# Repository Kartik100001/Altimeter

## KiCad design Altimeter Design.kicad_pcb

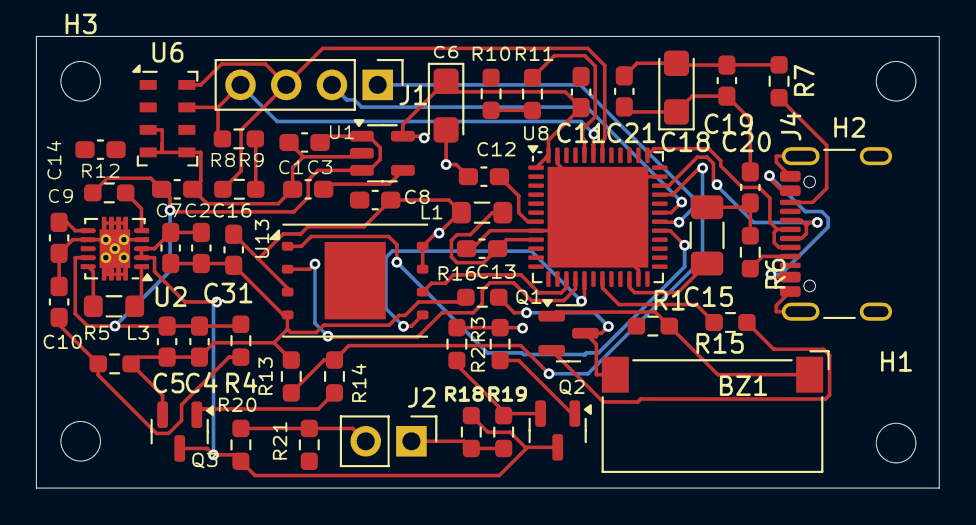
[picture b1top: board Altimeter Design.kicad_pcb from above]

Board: 4 copper layers, 50.2 x 25.1 mm, 59 parts (0 on the bottom side), 38 nets.

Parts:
BZ1: Buzzer; Speaker_CUI_CMR-1206S-67
C1: 105; C_0603_1608Metric_Pad1.08x0.95mm_HandSolder
C2, C7: 10uf; C_0603_1608Metric_Pad1.08x0.95mm_HandSolder
C3: 470pF; C_0603_1608Metric_Pad1.08x0.95mm_HandSolder
C4, C5, C16: 22uf; C_0603_1608Metric_Pad1.08x0.95mm_HandSolder
C6: 4.7uF; CP_EIA-3216-18_Kemet-A
C8, C11, C12, C13, C14, C19, C20, C21, C31: 104; C_0603_1608Metric_Pad1.08x0.95mm_HandSolder
C9: 0.1uf; C_0603_1608Metric_Pad1.08x0.95mm_HandSolder
C10: 10pf; C_0603_1608Metric_Pad1.08x0.95mm_HandSolder
C15: 4u7F; C_1206_3216Metric_Pad1.33x1.80mm_HandSolder
C18: 10uF; CP_EIA-3216-18_Kemet-A
H1, H2, H3, H4: M3; MountingHole_2.2mm_M2
J1: Conn_01x04; PinHeader_1x04_P2.54mm_Vertical
J2: Conn_01x02; PinHeader_1x02_P2.54mm_Vertical
J4: USB_C_Receptacle_USB2.0_16P; USB_C_Receptacle_GCT_USB4105-xx-A_16P_TopMnt_Horizontal
L1: 10uH; L_0805_2012Metric_Pad1.05x1.20mm_HandSolder
L3: 2.2uh; L_0805_2012Metric_Pad1.05x1.20mm_HandSolder
Q1: NPN; SOT-23
Q2, Q3: AO3400A; SOT-23
R1, R2, R14, R15: 1k; R_0603_1608Metric_Pad0.98x0.95mm_HandSolder
R3, R13: 470; R_0603_1608Metric_Pad0.98x0.95mm_HandSolder
R4: 1.2M; R_0603_1608Metric_Pad0.98x0.95mm_HandSolder
R5: 133K; R_0603_1608Metric_Pad0.98x0.95mm_HandSolder
R6, R7: 5.1k; R_0603_1608Metric_Pad0.98x0.95mm_HandSolder
R8, R9: 4K7; R_0603_1608Metric_Pad0.98x0.95mm_HandSolder
R10, R11: 10K; R_0603_1608Metric_Pad0.98x0.95mm_HandSolder
R12: 1M; R_0603_1608Metric_Pad0.98x0.95mm_HandSolder
R16, R18, R20: 330; R_0603_1608Metric_Pad0.98x0.95mm_HandSolder
R19, R21: 100; R_0603_1608Metric_Pad0.98x0.95mm_HandSolder
U1: MIC5219-3.3YM5; SOT-23-5
U2: TPS63060; Texas_S-PWSON-N10_ThermalVias
U6: MS5611-01BA; LGA-8_3x5mm_P1.25mm
U8: STM32F401CBU7; QFN-48-1EP_7x7mm_P0.5mm_EP5.6x5.6mm
U13: W25Q32JVZP; WSON-8-1EP_8x6mm_P1.27mm_EP3.4x4.3mm

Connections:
5VINP: J4.A4 (VBUS), J4.A9 (VBUS), J4.B4 (VBUS), J4.B9 (VBUS)
+3.3V: C6.1, C8.1, C11.1, C14.2, C18.1, C19.1, C20.1, C21.1, C31.2, L1.1, R1.1, R8.2, R9.2, U1.5 (OUT), U6.1 (VDD), U6.2 (PS), U8.1 (VBAT), U8.24 (VDD), U8.36 (VDD), U8.48 (VDD), U13.3 (IO2), U13.7 (IO3), U13.8 (VCC)
+5V: C1.2, C4.2, C5.2, C16.2, R4.1, R12.1, U1.1 (IN), U1.3 (EN), U2.9 (VOUT)
BOOT: R10.2, R11.1
GND: C1.1, C2.1, C3.2, C4.1, C5.1, C6.2, C7.1, C8.2, C9.2, C10.2, C11.2, C12.2, C13.2, C14.1, C15.2, C16.1, C18.2, C19.2, C20.2, C21.2, C31.1, J4.A1 (GND), J4.A12 (GND), J4.B1 (GND), J4.B12 (GND), J4.S1 (SHIELD), Q2.2 (S), Q3.2 (S), R3.1, R5.2, R6.1, R7.1, R10.1, R13.1, R16.1, R19.2, R21.2, U1.2 (GND), U2.4 (PS/SYNC), U2.7 (GND), U2.11 (PGND), U6.3 (GND), U6.4 (CSB), U6.5 (CSB), U8.8 (VSSA), U8.23 (VSS), U8.35 (VSS), U8.47 (VSS), U8.49 (VSS), U13.4 (GND)
I2C1-SCL: J1.3, R8.1, U6.8 (SCLK), U8.42 (PB6)
I2C1-SDA: J1.4, R9.1, U6.7 (SDI/SDA), U8.43 (PB7)
NRST: C12.1, U8.7 (NRST)
unnamed: BZ1.1 (+), Q1.1 (C), R1.2
unnamed: BZ1.2 (-), Q1.3 (E), R16.2
unnamed: J2.1, R18.1, R19.1
unnamed: J2.2, R20.1, R21.1
unnamed: J4.A5 (CC1), R6.2
unnamed: J4.B5 (CC2), R7.2
unnamed: Q1.2 (B), R15.2
unnamed: Q2.1 (G), R2.1
unnamed: Q3.1 (G), R14.1
unnamed: C3.1, U1.4 (BP)
unnamed: C10.1, R4.2, R5.1, U2.8 (FB)
unnamed: L3.1, U2.1 (L1)
unnamed: L3.2, U2.10 (L2)
unnamed: R12.2, U2.5 (PG)
unnamed: C9.1, U2.6 (VAUX)
unnamed: R11.2, U8.44 (BOOT0)
unnamed: R15.1, U8.19 (PB1)
unnamed: C15.1, U8.22 (VCAP1)
unnamed: C13.1, L1.2, U8.9 (VREF+)
PYRO1IP: R2.2, R3.2, U8.32 (PA11)
PYRO2IP: R13.2, R14.2, U8.33 (PA12)
RXD1: J1.2, U8.31 (PA10)
SPI1-MISO: U8.16 (PA6), U13.2 (DO(IO1))
SPI1-MOSI: U8.17 (PA7), U13.5 (DI(IO0))
SPI1-NSS2: U8.29 (PA8), U13.1 (~CS)
SPI1-SCK: U8.15 (PA5), U13.6 (CLK)
SWCLK: J4.A7 (D-), J4.B7 (D-), U8.37 (PA14)
SWDIO: J4.A6 (D+), J4.B6 (D+), U8.34 (PA13)
TXD1: J1.1, U8.30 (PA9)
VINP: C2.2, C7.2, Q2.3 (D), Q3.3 (D), R18.2, R20.2, U2.2 (VIN), U2.3 (EN)
____________________
PROBLEM REQUIREMENTS →
Each entry above should be written out verbatim, minus its pictures.

REPLY TO THE TASK →
# Repository Kartik100001/Altimeter

## KiCad design Altimeter Design.kicad_pcb

[picture b1top: board Altimeter Design.kicad_pcb from above]

Board: 4 copper layers, 50.2 x 25.1 mm, 59 parts (0 on the bottom side), 38 nets.

Parts:
BZ1: Buzzer; Speaker_CUI_CMR-1206S-67
C1: 105; C_0603_1608Metric_Pad1.08x0.95mm_HandSolder
C2, C7: 10uf; C_0603_1608Metric_Pad1.08x0.95mm_HandSolder
C3: 470pF; C_0603_1608Metric_Pad1.08x0.95mm_HandSolder
C4, C5, C16: 22uf; C_0603_1608Metric_Pad1.08x0.95mm_HandSolder
C6: 4.7uF; CP_EIA-3216-18_Kemet-A
C8, C11, C12, C13, C14, C19, C20, C21, C31: 104; C_0603_1608Metric_Pad1.08x0.95mm_HandSolder
C9: 0.1uf; C_0603_1608Metric_Pad1.08x0.95mm_HandSolder
C10: 10pf; C_0603_1608Metric_Pad1.08x0.95mm_HandSolder
C15: 4u7F; C_1206_3216Metric_Pad1.33x1.80mm_HandSolder
C18: 10uF; CP_EIA-3216-18_Kemet-A
H1, H2, H3, H4: M3; MountingHole_2.2mm_M2
J1: Conn_01x04; PinHeader_1x04_P2.54mm_Vertical
J2: Conn_01x02; PinHeader_1x02_P2.54mm_Vertical
J4: USB_C_Receptacle_USB2.0_16P; USB_C_Receptacle_GCT_USB4105-xx-A_16P_TopMnt_Horizontal
L1: 10uH; L_0805_2012Metric_Pad1.05x1.20mm_HandSolder
L3: 2.2uh; L_0805_2012Metric_Pad1.05x1.20mm_HandSolder
Q1: NPN; SOT-23
Q2, Q3: AO3400A; SOT-23
R1, R2, R14, R15: 1k; R_0603_1608Metric_Pad0.98x0.95mm_HandSolder
R3, R13: 470; R_0603_1608Metric_Pad0.98x0.95mm_HandSolder
R4: 1.2M; R_0603_1608Metric_Pad0.98x0.95mm_HandSolder
R5: 133K; R_0603_1608Metric_Pad0.98x0.95mm_HandSolder
R6, R7: 5.1k; R_0603_1608Metric_Pad0.98x0.95mm_HandSolder
R8, R9: 4K7; R_0603_1608Metric_Pad0.98x0.95mm_HandSolder
R10, R11: 10K; R_0603_1608Metric_Pad0.98x0.95mm_HandSolder
R12: 1M; R_0603_1608Metric_Pad0.98x0.95mm_HandSolder
R16, R18, R20: 330; R_0603_1608Metric_Pad0.98x0.95mm_HandSolder
R19, R21: 100; R_0603_1608Metric_Pad0.98x0.95mm_HandSolder
U1: MIC5219-3.3YM5; SOT-23-5
U2: TPS63060; Texas_S-PWSON-N10_ThermalVias
U6: MS5611-01BA; LGA-8_3x5mm_P1.25mm
U8: STM32F401CBU7; QFN-48-1EP_7x7mm_P0.5mm_EP5.6x5.6mm
U13: W25Q32JVZP; WSON-8-1EP_8x6mm_P1.27mm_EP3.4x4.3mm

Connections:
5VINP: J4.A4 (VBUS), J4.A9 (VBUS), J4.B4 (VBUS), J4.B9 (VBUS)
+3.3V: C6.1, C8.1, C11.1, C14.2, C18.1, C19.1, C20.1, C21.1, C31.2, L1.1, R1.1, R8.2, R9.2, U1.5 (OUT), U6.1 (VDD), U6.2 (PS), U8.1 (VBAT), U8.24 (VDD), U8.36 (VDD), U8.48 (VDD), U13.3 (IO2), U13.7 (IO3), U13.8 (VCC)
+5V: C1.2, C4.2, C5.2, C16.2, R4.1, R12.1, U1.1 (IN), U1.3 (EN), U2.9 (VOUT)
BOOT: R10.2, R11.1
GND: C1.1, C2.1, C3.2, C4.1, C5.1, C6.2, C7.1, C8.2, C9.2, C10.2, C11.2, C12.2, C13.2, C14.1, C15.2, C16.1, C18.2, C19.2, C20.2, C21.2, C31.1, J4.A1 (GND), J4.A12 (GND), J4.B1 (GND), J4.B12 (GND), J4.S1 (SHIELD), Q2.2 (S), Q3.2 (S), R3.1, R5.2, R6.1, R7.1, R10.1, R13.1, R16.1, R19.2, R21.2, U1.2 (GND), U2.4 (PS/SYNC), U2.7 (GND), U2.11 (PGND), U6.3 (GND), U6.4 (CSB), U6.5 (CSB), U8.8 (VSSA), U8.23 (VSS), U8.35 (VSS), U8.47 (VSS), U8.49 (VSS), U13.4 (GND)
I2C1-SCL: J1.3, R8.1, U6.8 (SCLK), U8.42 (PB6)
I2C1-SDA: J1.4, R9.1, U6.7 (SDI/SDA), U8.43 (PB7)
NRST: C12.1, U8.7 (NRST)
unnamed: BZ1.1 (+), Q1.1 (C), R1.2
unnamed: BZ1.2 (-), Q1.3 (E), R16.2
unnamed: J2.1, R18.1, R19.1
unnamed: J2.2, R20.1, R21.1
unnamed: J4.A5 (CC1), R6.2
unnamed: J4.B5 (CC2), R7.2
unnamed: Q1.2 (B), R15.2
unnamed: Q2.1 (G), R2.1
unnamed: Q3.1 (G), R14.1
unnamed: C3.1, U1.4 (BP)
unnamed: C10.1, R4.2, R5.1, U2.8 (FB)
unnamed: L3.1, U2.1 (L1)
unnamed: L3.2, U2.10 (L2)
unnamed: R12.2, U2.5 (PG)
unnamed: C9.1, U2.6 (VAUX)
unnamed: R11.2, U8.44 (BOOT0)
unnamed: R15.1, U8.19 (PB1)
unnamed: C15.1, U8.22 (VCAP1)
unnamed: C13.1, L1.2, U8.9 (VREF+)
PYRO1IP: R2.2, R3.2, U8.32 (PA11)
PYRO2IP: R13.2, R14.2, U8.33 (PA12)
RXD1: J1.2, U8.31 (PA10)
SPI1-MISO: U8.16 (PA6), U13.2 (DO(IO1))
SPI1-MOSI: U8.17 (PA7), U13.5 (DI(IO0))
SPI1-NSS2: U8.29 (PA8), U13.1 (~CS)
SPI1-SCK: U8.15 (PA5), U13.6 (CLK)
SWCLK: J4.A7 (D-), J4.B7 (D-), U8.37 (PA14)
SWDIO: J4.A6 (D+), J4.B6 (D+), U8.34 (PA13)
TXD1: J1.1, U8.30 (PA9)
VINP: C2.2, C7.2, Q2.3 (D), Q3.3 (D), R18.2, R20.2, U2.2 (VIN), U2.3 (EN)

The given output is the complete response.